* What is expected: Transcribe exactly the lines below that begin at the line with "User/1(command) -> User control/1(command)" and stop after the line with "Chassis : Subsystem", leaving out every picture.

* The data:
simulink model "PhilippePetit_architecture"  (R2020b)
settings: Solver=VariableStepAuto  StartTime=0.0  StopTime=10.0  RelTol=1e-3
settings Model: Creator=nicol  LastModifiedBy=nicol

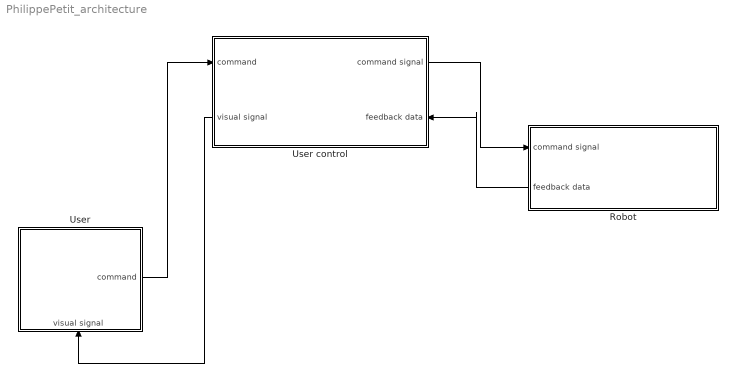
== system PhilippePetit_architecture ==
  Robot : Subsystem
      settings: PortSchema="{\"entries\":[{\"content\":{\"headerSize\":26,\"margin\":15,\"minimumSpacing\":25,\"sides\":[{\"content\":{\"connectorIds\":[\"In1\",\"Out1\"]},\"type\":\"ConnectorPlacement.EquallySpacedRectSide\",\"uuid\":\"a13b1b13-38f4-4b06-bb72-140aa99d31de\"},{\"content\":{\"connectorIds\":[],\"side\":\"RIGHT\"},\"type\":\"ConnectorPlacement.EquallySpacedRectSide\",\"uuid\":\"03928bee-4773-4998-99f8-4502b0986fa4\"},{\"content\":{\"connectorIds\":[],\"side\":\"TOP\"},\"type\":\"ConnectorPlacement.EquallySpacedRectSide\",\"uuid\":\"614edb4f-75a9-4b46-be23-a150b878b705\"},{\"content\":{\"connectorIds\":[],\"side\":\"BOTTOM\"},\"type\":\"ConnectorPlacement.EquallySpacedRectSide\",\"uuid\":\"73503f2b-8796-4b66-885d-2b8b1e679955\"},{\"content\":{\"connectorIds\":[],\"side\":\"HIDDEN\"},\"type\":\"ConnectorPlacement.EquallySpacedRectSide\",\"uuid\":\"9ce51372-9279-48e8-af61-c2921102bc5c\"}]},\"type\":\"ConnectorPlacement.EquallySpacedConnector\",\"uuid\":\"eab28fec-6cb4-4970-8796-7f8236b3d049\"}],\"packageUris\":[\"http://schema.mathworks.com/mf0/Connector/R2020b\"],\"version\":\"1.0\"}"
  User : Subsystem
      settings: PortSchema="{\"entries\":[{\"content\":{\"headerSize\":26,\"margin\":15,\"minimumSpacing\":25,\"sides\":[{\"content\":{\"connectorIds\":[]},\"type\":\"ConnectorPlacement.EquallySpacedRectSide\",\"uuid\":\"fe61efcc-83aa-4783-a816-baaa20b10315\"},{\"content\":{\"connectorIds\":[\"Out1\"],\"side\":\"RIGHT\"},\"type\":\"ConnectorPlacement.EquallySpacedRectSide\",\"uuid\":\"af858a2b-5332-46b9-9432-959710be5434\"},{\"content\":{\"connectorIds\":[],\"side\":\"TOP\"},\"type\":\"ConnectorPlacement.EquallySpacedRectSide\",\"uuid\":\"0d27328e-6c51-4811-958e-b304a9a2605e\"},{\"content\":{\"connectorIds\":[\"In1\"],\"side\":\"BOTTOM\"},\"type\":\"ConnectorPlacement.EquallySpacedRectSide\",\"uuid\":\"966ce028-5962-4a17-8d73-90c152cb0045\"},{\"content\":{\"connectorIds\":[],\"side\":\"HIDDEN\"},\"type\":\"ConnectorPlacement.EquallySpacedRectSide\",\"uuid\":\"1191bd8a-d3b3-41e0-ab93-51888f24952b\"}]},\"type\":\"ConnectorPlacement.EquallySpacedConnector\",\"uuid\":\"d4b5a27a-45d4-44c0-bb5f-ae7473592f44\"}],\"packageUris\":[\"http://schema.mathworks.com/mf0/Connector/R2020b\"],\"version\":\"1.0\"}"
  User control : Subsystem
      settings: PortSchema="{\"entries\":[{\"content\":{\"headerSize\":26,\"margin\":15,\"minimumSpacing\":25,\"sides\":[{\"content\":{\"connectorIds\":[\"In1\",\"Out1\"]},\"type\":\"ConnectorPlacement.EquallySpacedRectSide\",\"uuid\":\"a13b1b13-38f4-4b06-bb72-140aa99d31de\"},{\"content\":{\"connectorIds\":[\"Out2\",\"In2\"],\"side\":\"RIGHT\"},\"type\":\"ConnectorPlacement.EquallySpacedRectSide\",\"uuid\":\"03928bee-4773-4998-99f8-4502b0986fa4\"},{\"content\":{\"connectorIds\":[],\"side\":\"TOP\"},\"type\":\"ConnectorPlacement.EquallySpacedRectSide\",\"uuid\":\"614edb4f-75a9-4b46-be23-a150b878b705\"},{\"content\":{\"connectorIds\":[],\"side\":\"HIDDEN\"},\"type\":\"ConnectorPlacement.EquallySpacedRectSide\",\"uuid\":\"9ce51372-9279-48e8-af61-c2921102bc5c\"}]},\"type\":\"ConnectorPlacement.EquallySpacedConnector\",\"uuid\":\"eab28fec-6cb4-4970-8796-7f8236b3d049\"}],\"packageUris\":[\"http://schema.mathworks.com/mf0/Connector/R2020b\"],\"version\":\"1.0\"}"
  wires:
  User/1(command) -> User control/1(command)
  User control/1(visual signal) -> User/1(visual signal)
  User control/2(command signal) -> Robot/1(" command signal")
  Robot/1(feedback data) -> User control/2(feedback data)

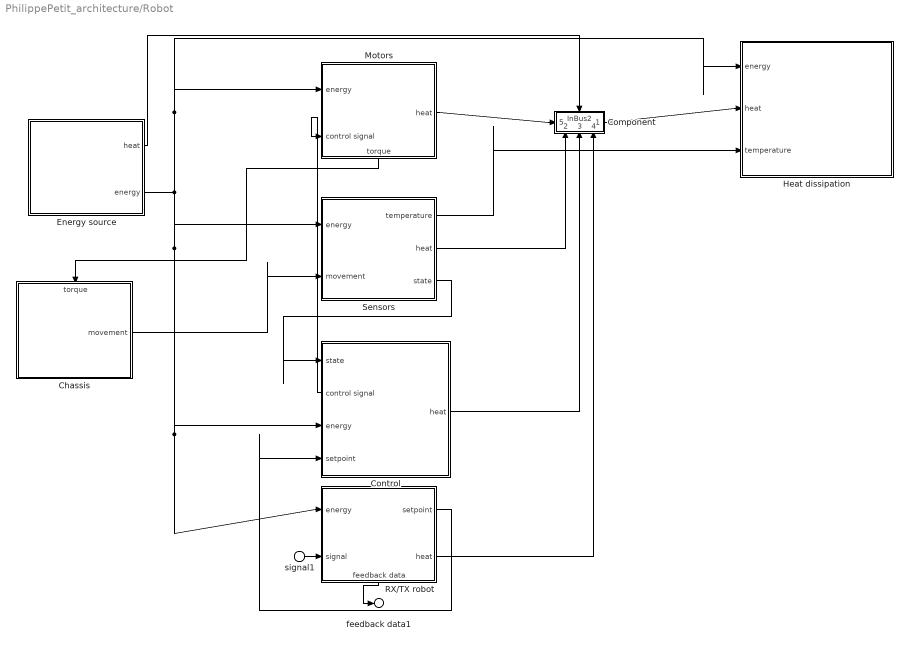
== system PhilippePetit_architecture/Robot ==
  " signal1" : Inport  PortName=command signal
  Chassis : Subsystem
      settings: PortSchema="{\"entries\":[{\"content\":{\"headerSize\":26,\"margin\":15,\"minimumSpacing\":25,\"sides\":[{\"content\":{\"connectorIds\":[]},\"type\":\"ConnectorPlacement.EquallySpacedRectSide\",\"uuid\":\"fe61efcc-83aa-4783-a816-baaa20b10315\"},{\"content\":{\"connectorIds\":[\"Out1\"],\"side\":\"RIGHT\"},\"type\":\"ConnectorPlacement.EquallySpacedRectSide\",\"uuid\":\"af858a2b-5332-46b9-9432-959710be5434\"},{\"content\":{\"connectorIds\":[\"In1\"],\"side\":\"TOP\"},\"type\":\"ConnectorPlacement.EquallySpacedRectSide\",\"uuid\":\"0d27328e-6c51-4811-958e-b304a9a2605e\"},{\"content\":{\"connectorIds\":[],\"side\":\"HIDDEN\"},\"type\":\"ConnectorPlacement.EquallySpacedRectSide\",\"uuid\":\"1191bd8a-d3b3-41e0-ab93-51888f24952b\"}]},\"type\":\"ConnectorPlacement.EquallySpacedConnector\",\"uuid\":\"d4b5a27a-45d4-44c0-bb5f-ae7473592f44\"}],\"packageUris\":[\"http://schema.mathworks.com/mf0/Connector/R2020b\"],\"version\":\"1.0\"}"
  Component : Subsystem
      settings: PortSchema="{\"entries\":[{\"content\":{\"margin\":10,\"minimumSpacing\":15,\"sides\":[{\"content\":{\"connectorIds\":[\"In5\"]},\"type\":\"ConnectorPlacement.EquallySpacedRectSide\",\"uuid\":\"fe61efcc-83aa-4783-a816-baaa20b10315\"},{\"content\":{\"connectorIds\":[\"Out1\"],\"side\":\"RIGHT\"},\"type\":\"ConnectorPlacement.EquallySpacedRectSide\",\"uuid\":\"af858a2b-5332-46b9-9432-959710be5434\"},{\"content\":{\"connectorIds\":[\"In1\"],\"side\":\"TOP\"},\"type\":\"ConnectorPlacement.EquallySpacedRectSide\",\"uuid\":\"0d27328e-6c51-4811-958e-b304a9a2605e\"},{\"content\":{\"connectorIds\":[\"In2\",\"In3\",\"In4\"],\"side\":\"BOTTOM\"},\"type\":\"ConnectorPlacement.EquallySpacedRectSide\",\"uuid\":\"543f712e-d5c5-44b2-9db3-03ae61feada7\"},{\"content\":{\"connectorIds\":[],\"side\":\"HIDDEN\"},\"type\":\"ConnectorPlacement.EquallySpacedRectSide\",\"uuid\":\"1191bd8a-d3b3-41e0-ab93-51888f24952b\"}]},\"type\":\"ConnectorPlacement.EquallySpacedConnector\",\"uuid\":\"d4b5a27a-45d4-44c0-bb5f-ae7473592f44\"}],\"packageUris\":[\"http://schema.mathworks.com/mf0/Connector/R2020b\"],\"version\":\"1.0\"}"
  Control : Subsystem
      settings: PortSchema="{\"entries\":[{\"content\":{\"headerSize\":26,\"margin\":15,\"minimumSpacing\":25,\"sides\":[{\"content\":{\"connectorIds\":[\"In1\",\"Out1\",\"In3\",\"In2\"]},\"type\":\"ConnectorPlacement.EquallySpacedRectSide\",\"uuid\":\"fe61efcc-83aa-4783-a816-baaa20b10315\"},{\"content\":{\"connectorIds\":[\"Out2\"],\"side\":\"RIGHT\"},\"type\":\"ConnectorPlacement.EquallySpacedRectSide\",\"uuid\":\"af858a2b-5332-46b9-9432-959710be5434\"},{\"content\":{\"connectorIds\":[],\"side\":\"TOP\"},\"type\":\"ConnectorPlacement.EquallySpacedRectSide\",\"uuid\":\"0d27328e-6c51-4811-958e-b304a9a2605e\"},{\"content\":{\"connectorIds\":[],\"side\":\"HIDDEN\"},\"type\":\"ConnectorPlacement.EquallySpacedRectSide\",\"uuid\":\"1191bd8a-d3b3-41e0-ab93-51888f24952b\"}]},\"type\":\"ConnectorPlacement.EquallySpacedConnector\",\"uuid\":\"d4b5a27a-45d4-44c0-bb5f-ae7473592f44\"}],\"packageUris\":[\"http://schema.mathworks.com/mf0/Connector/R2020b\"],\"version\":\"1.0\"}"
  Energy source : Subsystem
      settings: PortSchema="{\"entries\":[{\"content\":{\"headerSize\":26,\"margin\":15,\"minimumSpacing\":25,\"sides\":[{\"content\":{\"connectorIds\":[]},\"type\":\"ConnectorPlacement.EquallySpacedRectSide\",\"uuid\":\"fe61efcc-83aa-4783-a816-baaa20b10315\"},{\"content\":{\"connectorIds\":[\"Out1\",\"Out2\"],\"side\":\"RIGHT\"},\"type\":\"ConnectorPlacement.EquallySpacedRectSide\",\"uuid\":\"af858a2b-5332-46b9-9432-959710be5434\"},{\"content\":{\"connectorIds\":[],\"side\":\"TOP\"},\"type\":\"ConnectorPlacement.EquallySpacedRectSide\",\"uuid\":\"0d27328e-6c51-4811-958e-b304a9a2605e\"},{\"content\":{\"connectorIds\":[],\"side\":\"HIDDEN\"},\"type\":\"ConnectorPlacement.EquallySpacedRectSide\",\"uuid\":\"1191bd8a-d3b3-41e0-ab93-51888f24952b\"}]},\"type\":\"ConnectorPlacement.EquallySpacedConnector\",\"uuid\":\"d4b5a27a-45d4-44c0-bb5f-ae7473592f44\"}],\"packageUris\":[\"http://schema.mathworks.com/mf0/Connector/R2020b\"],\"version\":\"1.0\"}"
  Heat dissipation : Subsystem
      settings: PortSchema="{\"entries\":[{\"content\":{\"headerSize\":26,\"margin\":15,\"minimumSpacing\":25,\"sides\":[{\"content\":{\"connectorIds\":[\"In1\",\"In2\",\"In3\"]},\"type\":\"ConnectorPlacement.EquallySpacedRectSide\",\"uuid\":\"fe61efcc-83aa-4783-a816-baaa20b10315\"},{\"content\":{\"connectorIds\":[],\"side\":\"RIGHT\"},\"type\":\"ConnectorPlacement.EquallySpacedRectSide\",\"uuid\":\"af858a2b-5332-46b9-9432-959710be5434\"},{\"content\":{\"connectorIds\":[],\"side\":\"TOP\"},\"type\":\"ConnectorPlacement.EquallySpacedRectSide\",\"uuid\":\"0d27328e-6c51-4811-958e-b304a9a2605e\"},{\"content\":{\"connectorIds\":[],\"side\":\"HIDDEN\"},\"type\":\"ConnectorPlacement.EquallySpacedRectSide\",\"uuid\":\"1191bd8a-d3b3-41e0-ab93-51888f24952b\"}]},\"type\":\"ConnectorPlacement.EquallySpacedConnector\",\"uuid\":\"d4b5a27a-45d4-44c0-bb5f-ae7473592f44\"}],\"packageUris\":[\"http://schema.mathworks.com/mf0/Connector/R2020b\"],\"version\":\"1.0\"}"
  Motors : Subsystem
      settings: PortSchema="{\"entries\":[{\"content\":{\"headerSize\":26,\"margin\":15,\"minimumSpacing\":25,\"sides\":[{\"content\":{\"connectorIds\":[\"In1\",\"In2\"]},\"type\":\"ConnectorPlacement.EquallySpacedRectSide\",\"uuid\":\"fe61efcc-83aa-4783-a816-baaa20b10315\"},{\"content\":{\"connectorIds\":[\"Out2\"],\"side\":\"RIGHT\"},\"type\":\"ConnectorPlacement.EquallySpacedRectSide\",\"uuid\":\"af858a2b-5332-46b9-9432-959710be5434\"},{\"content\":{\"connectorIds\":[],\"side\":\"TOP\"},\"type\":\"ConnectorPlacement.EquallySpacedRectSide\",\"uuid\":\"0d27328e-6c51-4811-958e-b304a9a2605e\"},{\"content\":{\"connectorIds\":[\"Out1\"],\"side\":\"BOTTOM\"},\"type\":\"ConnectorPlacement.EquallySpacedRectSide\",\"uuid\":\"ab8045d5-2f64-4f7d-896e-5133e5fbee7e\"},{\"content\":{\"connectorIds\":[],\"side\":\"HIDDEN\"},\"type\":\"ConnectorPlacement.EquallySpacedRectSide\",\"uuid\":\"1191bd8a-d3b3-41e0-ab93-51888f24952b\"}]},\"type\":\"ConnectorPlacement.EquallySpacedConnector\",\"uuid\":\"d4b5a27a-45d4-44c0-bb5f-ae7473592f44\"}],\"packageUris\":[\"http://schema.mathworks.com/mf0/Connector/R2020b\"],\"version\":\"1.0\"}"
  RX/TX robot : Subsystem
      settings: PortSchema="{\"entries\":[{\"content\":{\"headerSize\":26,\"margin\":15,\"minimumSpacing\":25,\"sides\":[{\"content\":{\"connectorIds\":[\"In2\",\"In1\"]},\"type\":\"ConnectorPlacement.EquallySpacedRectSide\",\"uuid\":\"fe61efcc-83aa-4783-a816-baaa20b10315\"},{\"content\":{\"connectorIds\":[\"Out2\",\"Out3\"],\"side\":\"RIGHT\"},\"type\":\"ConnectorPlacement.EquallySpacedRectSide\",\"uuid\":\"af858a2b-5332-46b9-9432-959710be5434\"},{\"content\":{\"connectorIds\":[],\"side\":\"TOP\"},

* Response to the exercise:
  User/1(command) -> User control/1(command)
  User control/1(visual signal) -> User/1(visual signal)
  User control/2(command signal) -> Robot/1(" command signal")
  Robot/1(feedback data) -> User control/2(feedback data)

== system PhilippePetit_architecture/Robot ==
  " signal1" : Inport  PortName=command signal
  Chassis : Subsystem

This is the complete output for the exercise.